◆ What the task asks:
Set down the data below from its first line to the line holding "system controlSystemDiagrams/2.0 Additional", inclusive; omit all pictures.

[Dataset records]
────────
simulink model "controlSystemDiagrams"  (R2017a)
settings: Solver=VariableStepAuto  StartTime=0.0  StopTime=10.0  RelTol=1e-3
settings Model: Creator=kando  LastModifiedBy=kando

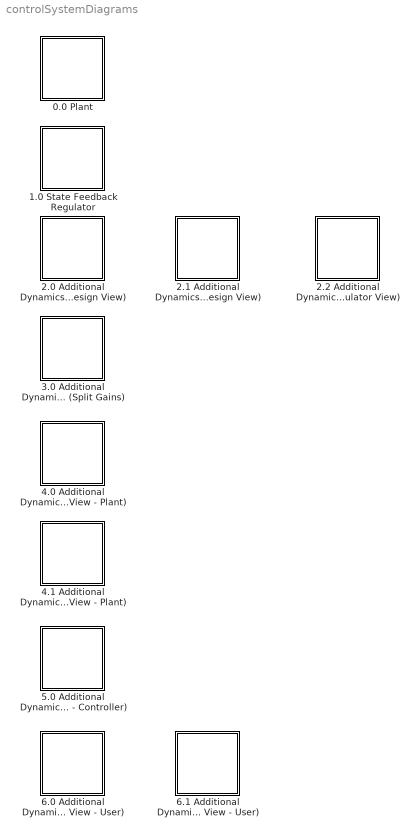
== system controlSystemDiagrams ==
  0.0 Plant : Subsystem
  1.0 State Feedback Regulator : Subsystem
  2.0 Additional Dynamics (Design View) : Subsystem
  2.1 Additional Dynamics (Design View) : Subsystem
  2.2 Additional Dynamics (State Feedback Regulator View) : Subsystem
  3.0 Additional Dynamics (Split Gains) : Subsystem
  4.0 Additional Dynamics (Linear View - Plant) : Subsystem
  4.1 Additional Dynamics (Linear View - Plant) : Subsystem
  5.0 Additional Dynamics (Linear View - Controller) : Subsystem
  6.0 Additional Dynamics (Linear View - User) : Subsystem
  6.1 Additional Dynamics (Linear View - User) : Subsystem

== system controlSystemDiagrams/0.0 Plant ==
  Hardware Dynamics: State-Space Representation Continuous : StateSpace  A=zeros(6,6)  B=zeros(6,2)  C=eye(6,6)  D=zeros(6,2)  X0=zeros(6,1)
      settings: AttributesFormatString=|
      | C = %<C>
      | D = %<D>

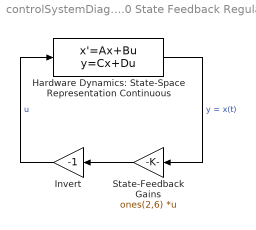
== system controlSystemDiagrams/1.0 State Feedback Regulator ==
  Hardware Dynamics: State-Space Representation Continuous : StateSpace  A=zeros(6,6)  B=zeros(6,2)  C=eye(6,6)  D=zeros(6,2)  X0=zeros(6,1)
      settings: AttributesFormatString=|
      | C = %<C>
      | D = %<D>
  Invert : Gain  Gain=-1
  State-Feedback Gains : Gain  Gain=ones(2,6)  Multiplication=Matrix(K*u)
  wires:
  Invert/1 -> Hardware Dynamics: State-Space Representation Continuous/1  "u"
  State-Feedback Gains/1 -> Invert/1
  Hardware Dynamics: State-Space Representation Continuous/1 -> State-Feedback Gains/1  "y = x(t)"

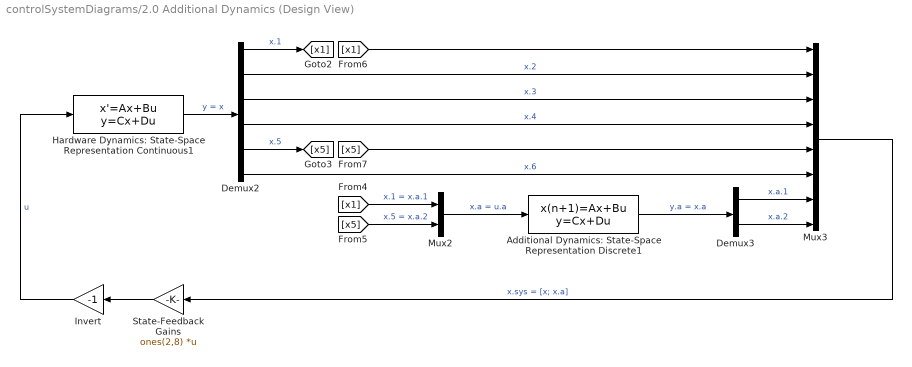
== system controlSystemDiagrams/2.0 Additional Dynamics (Design View) ==
  Additional Dynamics: State-Space Representation Discrete1 : DiscreteStateSpace  A=zeros(2,2)  B=eye(2,2)  C=eye(2,2)  D=zeros(2,2)  X0=zeros(2,1)  SampleTime=-1
      settings: AttributesFormatString=|
      | C.a = %<C>
      | D.a = %<D>
  Demux2 : Demux  Outputs=6
  Demux3 : Demux  Outputs=2
  Hardware Dynamics: State-Space Representation Continuous1 : StateSpace  A=zeros(6,6)  B=zeros(6,2)  C=eye(6,6)  D=zeros(6,2)  X0=zeros(6,1)
      settings: AttributesFormatString=|
      | C = %<C>
      | D = %<D>
  Invert : Gain  Gain=-1
  Mux2 : Mux  Inputs=2
  Mux3 : Mux  Inputs=8
  State-Feedback Gains : Gain  Gain=ones(2,8)  Multiplication=Matrix(K*u)
  wires:
  State-Feedback Gains/1 -> Invert/1
  Mux2/1 -> Additional Dynamics: State-Space Representation Discrete1/1  "x.a = u.a"
  Demux2/5 -> [x5]  "x.5"
  Invert/1 -> Hardware Dynamics: State-Space Representation Continuous1/1  "u"
  [x5] -> Mux3/5
  Mux3/1 -> State-Feedback Gains/1  "x.sys = [x; x.a]"
  [x5] -> Mux2/2  "x.5 = x.a.2"
  Hardware Dynamics: State-Space Representation Continuous1/1 -> Demux2/1  "y = x"
  Demux2/1 -> [x1]  "x.1"
  Additional Dynamics: State-Space Representation Discrete1/1 -> Demux3/1  "y.a = x.a"
  Demux2/3 -> Mux3/3  "x.3"
  Demux3/2 -> Mux3/8  "x.a.2"
  Demux2/4 -> Mux3/4  "x.4"
  Demux2/2 -> Mux3/2  "x.2"
  Demux3/1 -> Mux3/7  "x.a.1"
  [x1] -> Mux3/1
  Demux2/6 -> Mux3/6  "x.6"
  [x1] -> Mux2/1  "x.1 = x.a.1"

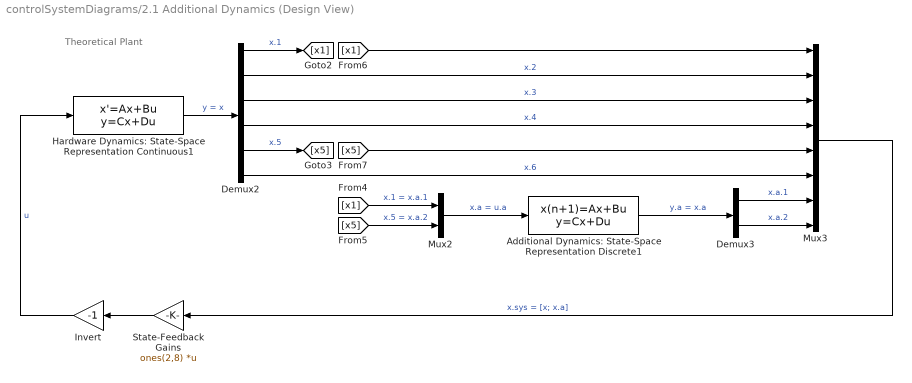
== system controlSystemDiagrams/2.1 Additional Dynamics (Design View) ==
  note: Theoretical Plant
  Additional Dynamics: State-Space Representation Discrete1 : DiscreteStateSpace  A=zeros(2,2)  B=eye(2,2)  C=eye(2,2)  D=zeros(2,2)  X0=zeros(2,1)  SampleTime=-1
      settings: AttributesFormatString=|
      | C.a = %<C>
      | D.a = %<D>
  Demux2 : Demux  Outputs=6
  Demux3 : Demux  Outputs=2
  Hardware Dynamics: State-Space Representation Continuous1 : StateSpace  A=zeros(6,6)  B=zeros(6,2)  C=eye(6,6)  D=zeros(6,2)  X0=zeros(6,1)
      settings: AttributesFormatString=|
      | C = %<C>
      | D = %<D>
  Invert : Gain  Gain=-1
  Mux2 : Mux  Inputs=2
  Mux3 : Mux  Inputs=8
  State-Feedback Gains : Gain  Gain=ones(2,8)  Multiplication=Matrix(K*u)
  wires:
  [x1] -> Mux2/1  "x.1 = x.a.1"
  Demux2/6 -> Mux3/6  "x.6"
  [x1] -> Mux3/1
  Demux3/1 -> Mux3/7  "x.a.1"
  Demux2/2 -> Mux3/2  "x.2"
  Demux2/4 -> Mux3/4  "x.4"
  Demux3/2 -> Mux3/8  "x.a.2"
  Demux2/3 -> Mux3/3  "x.3"
  Additional Dynamics: State-Space Representation Discrete1/1 -> Demux3/1  "y.a = x.a"
  Demux2/1 -> [x1]  "x.1"
  Hardware Dynamics: State-Space Representation Continuous1/1 -> Demux2/1  "y = x"
  [x5] -> Mux2/2  "x.5 = x.a.2"
  Mux3/1 -> State-Feedback Gains/1  "x.sys = [x; x.a]"
  [x5] -> Mux3/5
  Invert/1 -> Hardware Dynamics: State-Space Representation Continuous1/1  "u"
  Demux2/5 -> [x5]  "x.5"
  Mux2/1 -> Additional Dynamics: State-Space Representation Discrete1/1  "x.a = u.a"
  State-Feedback Gains/1 -> Invert/1

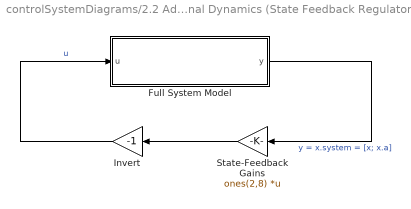
== system controlSystemDiagrams/2.2 Additional Dynamics (State Feedback Regulator View) ==
  Full System Model : Subsystem
  Invert : Gain  Gain=-1
  State-Feedback Gains : Gain  Gain=ones(2,8)  Multiplication=Matrix(K*u)
  wires:
  Full System Model/1(y) -> State-Feedback Gains/1  "y = x.system = [x; x.a]"
  State-Feedback Gains/1 -> Invert/1
  Invert/1 -> Full System Model/1(u)  "u"

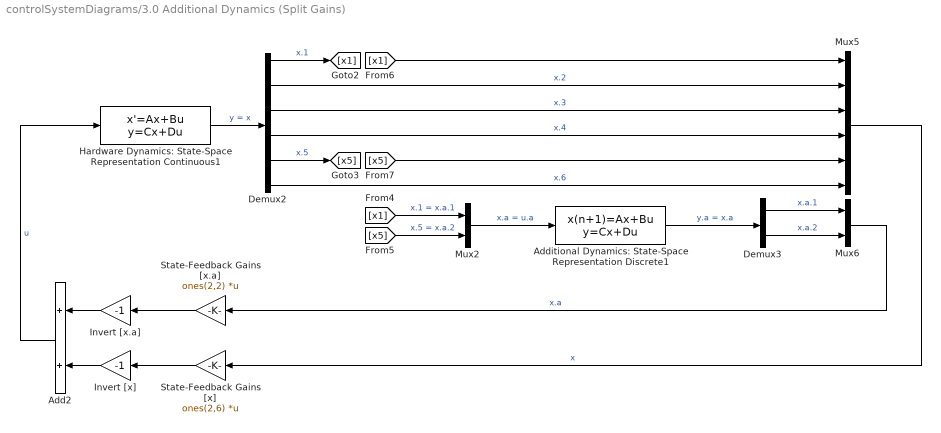
== system controlSystemDiagrams/3.0 Additional Dynamics (Split Gains) ==
  Add2 : Sum
  Additional Dynamics: State-Space Representation Discrete1 : DiscreteStateSpace  A=zeros(2,2)  B=eye(2,2)  C=eye(2,2)  D=zeros(2,2)  X0=zeros(2,1)  SampleTime=-1
      settings: AttributesFormatString=|
      | C.a = %<C>
      | D.a = %<D>
  Demux2 : Demux  Outputs=6
  Demux3 : Demux  Outputs=2
  Hardware Dynamics: State-Space Representation Continuous1 : StateSpace  A=zeros(6,6)  B=zeros(6,2)  C=eye(6,6)  D=zeros(6,2)  X0=zeros(6,1)
      settings: AttributesFormatString=|
      | C = %<C>
      | D = %<D>
  Invert [x.a] : Gain  Gain=-1
  Invert [x] : Gain  Gain=-1
  Mux2 : Mux  Inputs=2
  Mux5 : Mux  Inputs=6
  Mux6 : Mux  Inputs=2
  State-Feedback Gains [x.a] : Gain  Gain=ones(2,2)  Multiplication=Matrix(K*u)
  State-Feedback Gains [x] : Gain  Gain=ones(2,6)  Multiplication=Matrix(K*u)
  wires:
  State-Feedback Gains [x.a]/1 -> Invert [x.a]/1
  Invert [x]/1 -> Add2/2
  Mux5/1 -> State-Feedback Gains [x]/1  "x"
  State-Feedback Gains [x]/1 -> Invert [x]/1
  Invert [x.a]/1 -> Add2/1
  Mux6/1 -> State-Feedback Gains [x.a]/1  "x.a"
  Add2/1 -> Hardware Dynamics: State-Space Representation Continuous1/1  "u"
  [x5] -> Mux5/5
  Demux2/2 -> Mux5/2  "x.2"
  Demux2/3 -> Mux5/3  "x.3"
  Demux3/2 -> Mux6/2  "x.a.2"
  Demux2/6 -> Mux5/6  "x.6"
  Demux3/1 -> Mux6/1  "x.a.1"
  Demux2/1 -> [x1]  "x.1"
  Demux2/4 -> Mux5/4  "x.4"
  Demux2/5 -> [x5]  "x.5"
  Additional Dynamics: State-Space Representation Discrete1/1 -> Demux3/1  "y.a = x.a"
  [x1] -> Mux2/1  "x.1 = x.a.1"
  [x5] -> Mux2/2  "x.5 = x.a.2"
  Mux2/1 -> Additional Dynamics: State-Space Representation Discrete1/1  "x.a = u.a"
  Hardware Dynamics: State-Space Representation Continuous1/1 -> Demux2/1  "y = x"
  [x1] -> Mux5/1

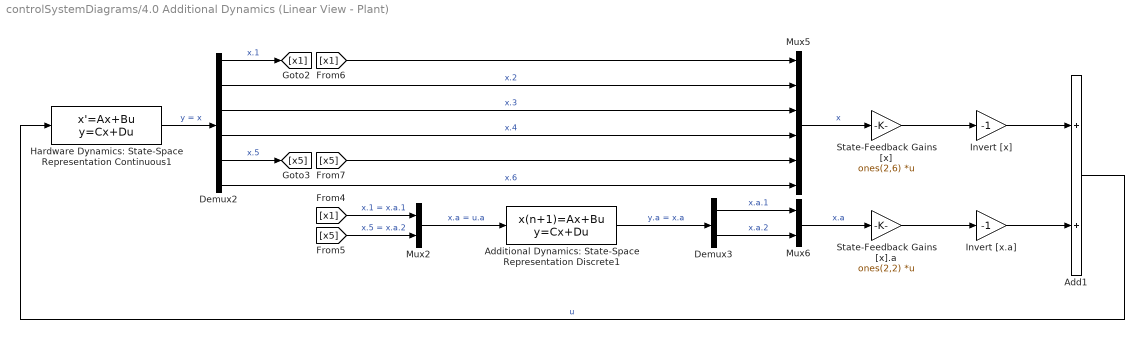
== system controlSystemDiagrams/4.0 Additional Dynamics (Linear View - Plant) ==
  Add1 : Sum
  Additional Dynamics: State-Space Representation Discrete1 : DiscreteStateSpace  A=zeros(2,2)  B=eye(2,2)  C=eye(2,2)  D=zeros(2,2)  X0=zeros(2,1)  SampleTime=-1
      settings: AttributesFormatString=|
      | C.a = %<C>
      | D.a = %<D>
  Demux2 : Demux  Outputs=6
  Demux3 : Demux  Outputs=2
  Hardware Dynamics: State-Space Representation Continuous1 : StateSpace  A=zeros(6,6)  B=zeros(6,2)  C=eye(6,6)  D=zeros(6,2)  X0=zeros(6,1)
      settings: AttributesFormatString=|
      | C = %<C>
      | D = %<D>
  Invert [x.a] : Gain  Gain=-1
  Invert [x] : Gain  Gain=-1
  Mux2 : Mux  Inputs=2
  Mux5 : Mux  Inputs=6
  Mux6 : Mux  Inputs=2
  State-Feedback Gains [x] : Gain  Gain=ones(2,6)  Multiplication=Matrix(K*u)
  State-Feedback Gains [x].a : Gain  Gain=ones(2,2)  Multiplication=Matrix(K*u)
  wires:
  Mux6/1 -> State-Feedback Gains [x].a/1  "x.a"
  State-Feedback Gains [x].a/1 -> Invert [x.a]/1
  Add1/1 -> Hardware Dynamics: State-Space Representation Continuous1/1  "u"
  State-Feedback Gains [x]/1 -> Invert [x]/1
  Mux5/1 -> State-Feedback Gains [x]/1  "x"
  Invert [x]/1 -> Add1/1
  Invert [x.a]/1 -> Add1/2
  [x1] -> Mux5/1
  Hardware Dynamics: State-Space Representation Continuous1/1 -> Demux2/1  "y = x"
  Demux3/1 -> Mux6/1  "x.a.1"
  Demux2/3 -> Mux5/3  "x.3"
  [x5] -> Mux2/2  "x.5 = x.a.2"
  Demux3/2 -> Mux6/2  "x.a.2"
  Demux2/5 -> [x5]  "x.5"
  Mux2/1 -> Additional Dynamics: State-Space Representation Discrete1/1  "x.a = u.a"
  Demux2/4 -> Mux5/4  "x.4"
  [x5] -> Mux5/5
  [x1] -> Mux2/1  "x.1 = x.a.1"
  Demux2/2 -> Mux5/2  "x.2"
  Additional Dynamics: State-Space Representation Discrete1/1 -> Demux3/1  "y.a = x.a"
  Demux2/1 -> [x1]  "x.1"
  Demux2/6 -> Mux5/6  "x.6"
────────
◆ Result for this task:
simulink model "controlSystemDiagrams"  (R2017a)
settings: Solver=VariableStepAuto  StartTime=0.0  StopTime=10.0  RelTol=1e-3
settings Model: Creator=kando  LastModifiedBy=kando

== system controlSystemDiagrams ==
  0.0 Plant : Subsystem
  1.0 State Feedback Regulator : Subsystem
  2.0 Additional Dynamics (Design View) : Subsystem
  2.1 Additional Dynamics (Design View) : Subsystem
  2.2 Additional Dynamics (State Feedback Regulator View) : Subsystem
  3.0 Additional Dynamics (Split Gains) : Subsystem
  4.0 Additional Dynamics (Linear View - Plant) : Subsystem
  4.1 Additional Dynamics (Linear View - Plant) : Subsystem
  5.0 Additional Dynamics (Linear View - Controller) : Subsystem
  6.0 Additional Dynamics (Linear View - User) : Subsystem
  6.1 Additional Dynamics (Linear View - User) : Subsystem

== system controlSystemDiagrams/0.0 Plant ==
  Hardware Dynamics: State-Space Representation Continuous : StateSpace  A=zeros(6,6)  B=zeros(6,2)  C=eye(6,6)  D=zeros(6,2)  X0=zeros(6,1)
      settings: AttributesFormatString=|
      | C = %<C>
      | D = %<D>

== system controlSystemDiagrams/1.0 State Feedback Regulator ==
  Hardware Dynamics: State-Space Representation Continuous : StateSpace  A=zeros(6,6)  B=zeros(6,2)  C=eye(6,6)  D=zeros(6,2)  X0=zeros(6,1)
      settings: AttributesFormatString=|
      | C = %<C>
      | D = %<D>
  Invert : Gain  Gain=-1
  State-Feedback Gains : Gain  Gain=ones(2,6)  Multiplication=Matrix(K*u)
  wires:
  Invert/1 -> Hardware Dynamics: State-Space Representation Continuous/1  "u"
  State-Feedback Gains/1 -> Invert/1
  Hardware Dynamics: State-Space Representation Continuous/1 -> State-Feedback Gains/1  "y = x(t)"

== system controlSystemDiagrams/2.0 Additional Dynamics (Design View) ==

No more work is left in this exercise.